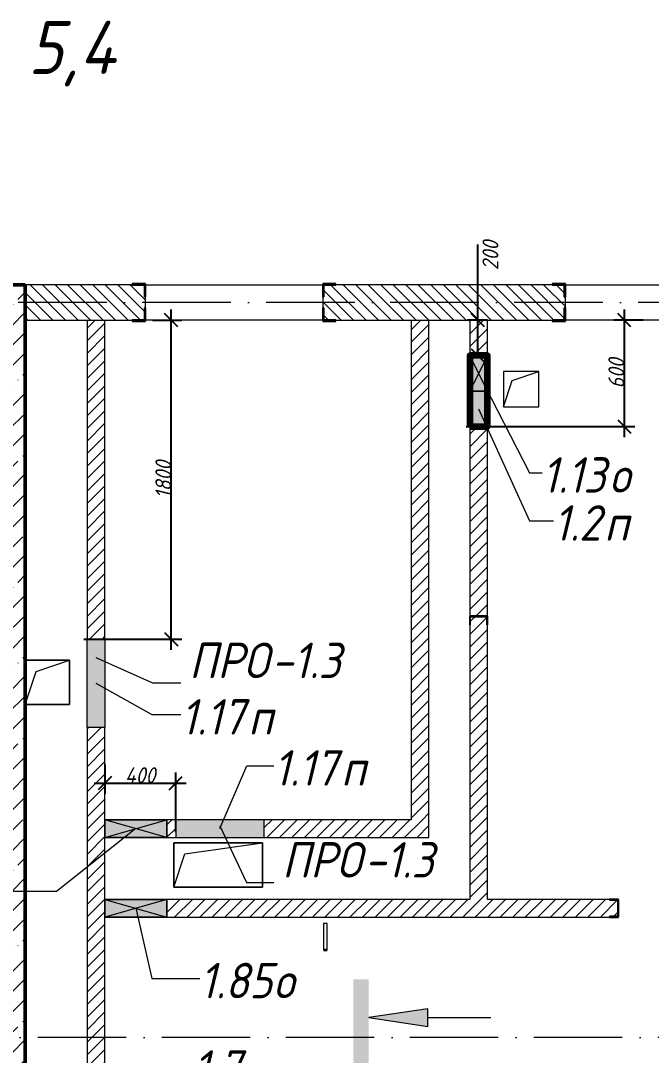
# Model space of a CAD drawing. Header units: millimetres. Extents: x -356862 to 418287, y 0 to 839748.
# Drawn here: x -163240 to -159680, y 517847 to 523688 of the extents above; entities that cross this region are included whole.
import ezdxf

# ---------------------------------------------------------------- set-up
doc = ezdxf.new("R2010")
doc.units = ezdxf.units.MM
doc.linetypes.add('50_200_ШТРИХ_1Т_ш5_п1_п1_', pattern=[700, 500, -100, 0, -100])
for name, color, linetype, lineweight in [('9.7) Заделка 956 шт', 6, 'Continuous', 158), ('A-____-____-DIMS', 7, 'Continuous', 9), ('A-____-NOTE-TEXT', 7, 'Continuous', 9), ('A-____-NOTE-TEXT-1', 7, 'Continuous', 5), ('A-DETL-GENF-OTLN', 7, 'Continuous', 9), ('A-DOOR-OPNG-MCUT', 7, 'Continuous', 35), ('A-FLOR-____-OTLN', 7, 'Continuous', 9), ('A-GENM-____-IDEN', 7, 'Continuous', 9), ('A-GENM-____-MCUT', 7, 'Continuous', 25), ('A-GENM-____-OTLN', 7, 'Continuous', 9), ('A-GENM-____-OTLN-1', 7, 'Continuous', 25), ('A-GLAZ-____-IDEN', 7, 'Continuous', 9), ('A-GLAZ-____-OTLN', 7, 'Continuous', 9), ('A-WALL-____-MCUT', 7, 'Continuous', 13), ('A-WALL-____-MCUT-2', 7, 'Continuous', 50), ('A-WALL-____-PATT-1', 7, 'Continuous', 9), ('A-WALL-FNSH-MCUT-1', 7, 'Continuous', 9), ('I-WALL-____-OTLN', 7, 'Continuous', 9), ('S-GRID-____-OTLN-1', 7, '50_200_ШТРИХ_1Т_ш5_п1_п1_', 9)]:
    doc.layers.add(name, color=color, linetype=linetype, lineweight=lineweight)
doc.layers.add('A-AREA-IDEN-1', color=7, linetype='Continuous', lineweight=9, true_color=0x000000)
doc.layers.add('A-DOOR-____-OTLN-1', color=7, linetype='Continuous', lineweight=9, true_color=0xffffff)
doc.styles.add('ISOCPEUR_I', font='isocpeui.ttf', dxfattribs={"width": 0.9, "height": 2.5})
doc.styles.add('ISOCPEUR_I_11', font='isocpeui.ttf', dxfattribs={"width": 0.9, "height": 200})
doc.styles.add('ISOCPEUR_I_7', font='isocpeui.ttf', dxfattribs={"width": 0.9, "height": 90})
doc.dimstyles.new('ISO-1_8_0_9К_СРЕДНИЙ_Кладочные_1', dxfattribs={"dimscale": 304.8, "dimtxt": 89.638306, "dimasz": 0.246063, "dimexe": 0.19685, "dimexo": 0, "dimgap": 0, "dimtad": 1, "dimdec": 3, "dimrnd": 0.001, "dimdsep": 46, "dimtxsty": 'ISOCPEUR_I_7', "dimblk1": 'OBLIQUE', "dimblk2": 'OBLIQUE', "dimsah": 1, "dimcen": 0.09, "dimdle": 0.19685, "dimazin": 0, "dimtfac": 1, "dimtdec": 4, "dimtix": 1, "dimtmove": 0, "dimatfit": 3, "dimfxl": 1, "dimtvp": 1, "dimtolj": 1, "dimtzin": 0, "dimarcsym": 2})
doc.dimstyles.new('ISO-1_8_0_9К_СРЕДНИЙ_Кладочные_2', dxfattribs={"dimscale": 304.8, "dimtxt": 89.638306, "dimasz": 0.246063, "dimexe": 0.19685, "dimexo": 0, "dimgap": 0, "dimtad": 1, "dimdec": 3, "dimrnd": 0.001, "dimdsep": 46, "dimtxsty": 'ISOCPEUR_I_7', "dimblk1": 'OBLIQUE', "dimblk2": 'OBLIQUE', "dimsah": 1, "dimcen": 0.09, "dimdle": 0.19685, "dimazin": 0, "dimtfac": 1, "dimtdec": 4, "dimtix": 1, "dimtmove": 1, "dimatfit": 3, "dimfxl": 1, "dimtvp": 1, "dimtolj": 1, "dimtzin": 0, "dimarcsym": 2})
pattern_1 = [(45, (-176515.067, 459015.94), (-35.35534, 35.35534), [])]

# ---------------------------------------------------------------- blocks, each defined once
blk = doc.blocks.new('DOR_ДУ_распашная__1Ст_Прямоугольная_ШЕР - Вн_650х2100h_Кабинки С_у-18405741-АР1_План отверстий 1 этажа в осях 1-64_Ю-ЯЯ')
at = {"layer": 'A-DOOR-OPNG-MCUT'}
for p, q in [((-325, -10), (-325, 10)), ((325, 10), (325, -10))]:
    blk.add_line(p, q, dxfattribs=at)
blk = doc.blocks.new('154_Фахверк_СКБ_Швеллер - Тип_100_4010-27789772-АР1_План отверстий 1 этажа в осях 1-64_Ю-ЯЯ')
at = {"layer": 'A-GENM-____-MCUT'}
for p, q in [((175, 50), (125, 50)), ((125, 50), (125, -50)), ((128, 47), (175, 47)), ((128, -47), (128, 47)), ((175, 47), (175, 50)), ((125, -50), (175, -50)), ((175, -47), (128, -47)), ((175, -50), (175, -47))]:
    blk.add_line(p, q, dxfattribs=at)
blk = doc.blocks.new('154_Стойка_СКБ_Уголок - СМ-2230_200-28216496-АР1_План отверстий 1 этажа в осях 1-64_Ю-ЯЯ')
at = {"layer": 'A-GENM-____-MCUT'}
for p, q in [((125, 156), (125, 81)), ((200, 156), (125, 156)), ((131, 81), (131, 150)), ((131, 150), (200, 150)), ((200, 150), (200, 156)), ((125, 81), (131, 81)), ((131, 19), (125, 19)), ((125, 19), (125, -56)), ((131, -50), (131, 19)), ((125, -56), (200, -56)), ((200, -50), (131, -50)), ((200, -56), (200, -50))]:
    blk.add_line(p, q, dxfattribs=at)
blk = doc.blocks.new('AR_Отверстие Ниша - Лючок-32402075-АР1_План отверстий 1 этажа в осях 1-64_Ю-ЯЯ')
at = {"layer": 'A-GLAZ-____-OTLN'}
blk.add_hatch(color=256, dxfattribs=at).paths.add_polyline_path([(250, 50), (-250, 50), (-250, -50), (250, -50)], flags=0)
for p, q in [((-250, 50), (250, 50)), ((-250, -50), (-250, 50)), ((250, 50), (250, -50)), ((250, -50), (-250, -50))]:
    blk.add_line(p, q, dxfattribs=at)
blk = doc.blocks.new('AR_Отверстие Ниша - Лючок-32401620-АР1_План отверстий 1 этажа в осях 1-64_Ю-ЯЯ')
at = {"layer": 'A-GLAZ-____-OTLN'}
blk.add_hatch(color=256, dxfattribs=at).paths.add_polyline_path([(250, -50), (250, 50), (-250, 50), (-250, -50), (27.8, -50)], flags=0)
for p, q in [((250, 50), (-250, 50)), ((-250, 50), (-250, -50)), ((250, -50), (250, 50)), ((-250, -50), (250, -50))]:
    blk.add_line(p, q, dxfattribs=at)
blk = doc.blocks.new('AR_Отверстие Ниша - Лючок-32402410-АР1_План отверстий 1 этажа в осях 1-64_Ю-ЯЯ')
at = {"layer": 'A-GLAZ-____-OTLN'}
blk.add_hatch(color=256, dxfattribs=at).paths.add_polyline_path([(100, 50), (-100, 50), (-100, -50), (100, -50), (100, 32.1)], flags=0)
for p, q in [((-100, 50), (100, 50)), ((100, 50), (100, -50)), ((100, -50), (-100, -50))]:
    blk.add_line(p, q, dxfattribs=at)
blk = doc.blocks.new('AR_Отверстие прямоугольное _в стене_ - AR_Отверстие прямоугольное _в стене__ВК-32402379-АР1_План отверстий 1 этажа в осях 1-64_Ю-ЯЯ')
at = {"layer": 'A-GLAZ-____-OTLN'}
blk.add_hatch(color=256, dxfattribs=at).paths.add_polyline_path([(100, 50), (-100, 50), (-100, -50), (100, -50), (100, 32.1)], flags=0)
at = {"layer": 'A-DETL-GENF-OTLN'}
for p, q in [((-100, -50), (-100, 50)), ((-100, 50), (100, 50)), ((100, 50), (-100, -50)), ((-100, 50), (100, -50)), ((100, 50), (-100, 50)), ((-100, 50), (-100, -50)), ((100, 50), (100, -50)), ((100, -50), (100, 50)), ((100, -50), (-100, -50)), ((-100, -50), (100, -50))]:
    blk.add_line(p, q, dxfattribs=at)
blk = doc.blocks.new('AR_Отверстие прямоугольное _в плите_ - AR_Отверстие прямоугольное _в плите_-30458064-АР1_План отверстий 1 этажа в осях 1-64_Ю-ЯЯ')
at = {"layer": 'A-GENM-____-OTLN'}
for p, q in [((125, 125), (-125, 125)), ((-62.5, 62.5), (125, 125)), ((125, -125), (125, 125)), ((-125, -125), (-62.5, 62.5)), ((-125, -125), (125, -125))]:
    blk.add_line(p, q, dxfattribs=at)
blk = doc.blocks.new('AR_Отверстие прямоугольное _в плите_ - AR_Отверстие прямоугольное _в плите_-30459257-АР1_План отверстий 1 этажа в осях 1-64_Ю-ЯЯ')
at = {"layer": 'A-GENM-____-OTLN'}
for p, q in [((250, 125), (-250, 125)), ((-250, 125), (-250, -125)), ((-187.5, 62.5), (250, 125)), ((250, -125), (250, 125)), ((-250, -125), (-187.5, 62.5)), ((-250, -125), (250, -125))]:
    blk.add_line(p, q, dxfattribs=at)
blk = doc.blocks.new('AR_Отверстие прямоугольное _в плите_ - AR_Отверстие прямоугольное _в плите_-30459597-АР1_План отверстий 1 этажа в осях 1-64_Ю-ЯЯ')
at = {"layer": 'A-GENM-____-OTLN'}
for p, q in [((100, 100), (-100, 100)), ((-100, 100), (-100, -100)), ((-50, 50), (100, 100)), ((100, -100), (100, 100)), ((-100, -100), (-50, 50)), ((-100, -100), (100, -100))]:
    blk.add_line(p, q, dxfattribs=at)
blk = doc.blocks.new('AR_Отверстие прямоугольное _в стене__БезПР - AR_Отверстие прямоугольное _в стене__БезПР-36427791-АР1_План отверстий 1 этажа в осях 1-64_Ю-ЯЯ')
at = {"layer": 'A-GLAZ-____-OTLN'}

------------------------------------------------------------------------

» **About this task**: Where does "dimdec" appear in the records above? Copy each line that holds it.

» **Exercise result**:
doc.dimstyles.new('ISO-1_8_0_9К_СРЕДНИЙ_Кладочные_1', dxfattribs={"dimscale": 304.8, "dimtxt": 89.638306, "dimasz": 0.246063, "dimexe": 0.19685, "dimexo": 0, "dimgap": 0, "dimtad": 1, "dimdec": 3, "dimrnd": 0.001, "dimdsep": 46, "dimtxsty": 'ISOCPEUR_I_7', "dimblk1": 'OBLIQUE', "dimblk2": 'OBLIQUE', "dimsah": 1, "dimcen": 0.09, "dimdle": 0.19685, "dimazin": 0, "dimtfac": 1, "dimtdec": 4, "dimtix": 1, "dimtmove": 0, "dimatfit": 3, "dimfxl": 1, "dimtvp": 1, "dimtolj": 1, "dimtzin": 0, "dimarcsym": 2})
doc.dimstyles.new('ISO-1_8_0_9К_СРЕДНИЙ_Кладочные_2', dxfattribs={"dimscale": 304.8, "dimtxt": 89.638306, "dimasz": 0.246063, "dimexe": 0.19685, "dimexo": 0, "dimgap": 0, "dimtad": 1, "dimdec": 3, "dimrnd": 0.001, "dimdsep": 46, "dimtxsty": 'ISOCPEUR_I_7', "dimblk1": 'OBLIQUE', "dimblk2": 'OBLIQUE', "dimsah": 1, "dimcen": 0.09, "dimdle": 0.19685, "dimazin": 0, "dimtfac": 1, "dimtdec": 4, "dimtix": 1, "dimtmove": 1, "dimatfit": 3, "dimfxl": 1, "dimtvp": 1, "dimtolj": 1, "dimtzin": 0, "dimarcsym": 2})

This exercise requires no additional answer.